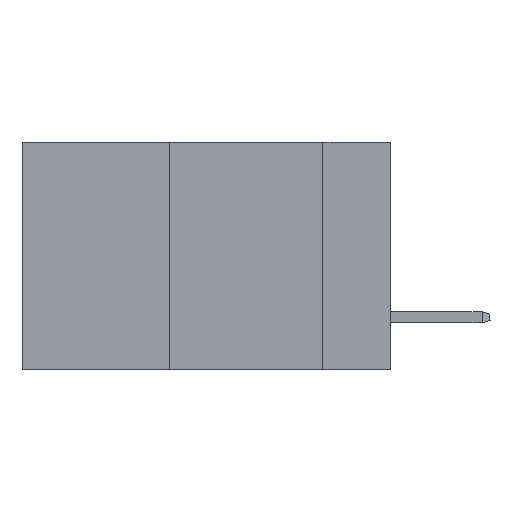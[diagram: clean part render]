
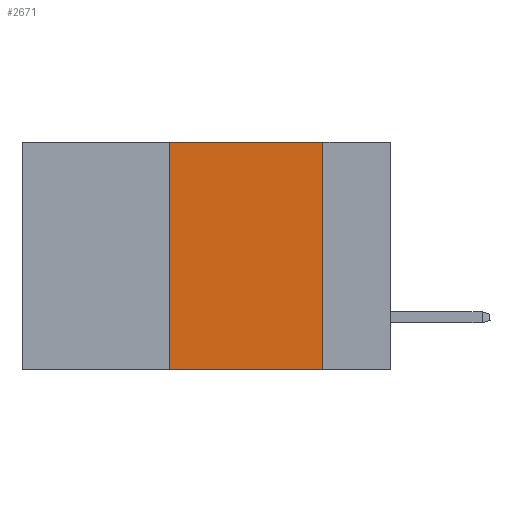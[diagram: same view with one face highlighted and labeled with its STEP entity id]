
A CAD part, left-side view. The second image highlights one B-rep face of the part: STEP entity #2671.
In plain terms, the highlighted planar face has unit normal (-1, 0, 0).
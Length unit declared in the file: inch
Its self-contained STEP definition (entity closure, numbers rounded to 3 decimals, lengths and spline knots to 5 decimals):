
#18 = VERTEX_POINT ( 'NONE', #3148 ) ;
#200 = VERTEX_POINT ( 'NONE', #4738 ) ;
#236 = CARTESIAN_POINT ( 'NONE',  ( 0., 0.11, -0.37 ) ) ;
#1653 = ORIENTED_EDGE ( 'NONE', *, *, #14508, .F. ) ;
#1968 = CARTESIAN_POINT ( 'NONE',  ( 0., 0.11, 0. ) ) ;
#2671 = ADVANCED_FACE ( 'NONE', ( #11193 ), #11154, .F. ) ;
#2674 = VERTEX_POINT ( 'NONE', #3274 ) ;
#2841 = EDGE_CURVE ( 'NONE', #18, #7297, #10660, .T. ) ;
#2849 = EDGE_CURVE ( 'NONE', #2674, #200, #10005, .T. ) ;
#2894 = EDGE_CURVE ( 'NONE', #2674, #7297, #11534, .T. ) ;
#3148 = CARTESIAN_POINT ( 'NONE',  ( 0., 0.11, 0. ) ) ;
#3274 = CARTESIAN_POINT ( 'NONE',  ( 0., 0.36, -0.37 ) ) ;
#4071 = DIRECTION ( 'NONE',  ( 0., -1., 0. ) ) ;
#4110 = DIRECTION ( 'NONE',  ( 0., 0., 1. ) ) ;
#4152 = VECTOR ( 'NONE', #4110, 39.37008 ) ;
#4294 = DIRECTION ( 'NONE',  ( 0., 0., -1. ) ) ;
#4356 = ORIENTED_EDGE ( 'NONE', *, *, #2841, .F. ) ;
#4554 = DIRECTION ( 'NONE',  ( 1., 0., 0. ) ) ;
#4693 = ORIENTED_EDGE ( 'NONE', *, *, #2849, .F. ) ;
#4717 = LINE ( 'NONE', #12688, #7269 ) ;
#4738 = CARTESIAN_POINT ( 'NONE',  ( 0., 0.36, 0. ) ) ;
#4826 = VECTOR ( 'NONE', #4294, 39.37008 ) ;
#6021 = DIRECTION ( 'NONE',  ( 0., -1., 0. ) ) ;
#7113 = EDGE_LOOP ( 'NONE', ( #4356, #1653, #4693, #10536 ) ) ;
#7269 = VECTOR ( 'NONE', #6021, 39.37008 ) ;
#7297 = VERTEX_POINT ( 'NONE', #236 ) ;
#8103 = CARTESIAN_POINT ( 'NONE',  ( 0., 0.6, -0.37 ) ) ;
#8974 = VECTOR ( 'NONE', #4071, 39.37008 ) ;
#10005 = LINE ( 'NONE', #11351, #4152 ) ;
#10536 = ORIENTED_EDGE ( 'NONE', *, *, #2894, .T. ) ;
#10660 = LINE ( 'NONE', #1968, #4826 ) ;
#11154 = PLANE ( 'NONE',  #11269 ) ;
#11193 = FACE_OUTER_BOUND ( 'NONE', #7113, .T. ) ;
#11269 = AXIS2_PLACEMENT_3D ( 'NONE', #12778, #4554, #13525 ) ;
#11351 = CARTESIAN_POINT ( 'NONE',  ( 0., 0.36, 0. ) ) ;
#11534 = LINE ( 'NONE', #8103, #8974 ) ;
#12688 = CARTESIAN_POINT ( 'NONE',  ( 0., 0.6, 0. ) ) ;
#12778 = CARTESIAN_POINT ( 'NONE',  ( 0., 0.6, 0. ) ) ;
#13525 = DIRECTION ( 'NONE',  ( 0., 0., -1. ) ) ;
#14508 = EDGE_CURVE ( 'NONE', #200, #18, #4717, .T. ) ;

## [What the task requires]
Copy all lines of the preceding data that hold the word "DIRECTION".

## [Task solution]
#4071 = DIRECTION ( 'NONE',  ( 0., -1., 0. ) ) ;
#4110 = DIRECTION ( 'NONE',  ( 0., 0., 1. ) ) ;
#4294 = DIRECTION ( 'NONE',  ( 0., 0., -1. ) ) ;
#4554 = DIRECTION ( 'NONE',  ( 1., 0., 0. ) ) ;
#6021 = DIRECTION ( 'NONE',  ( 0., -1., 0. ) ) ;
#13525 = DIRECTION ( 'NONE',  ( 0., 0., -1. ) ) ;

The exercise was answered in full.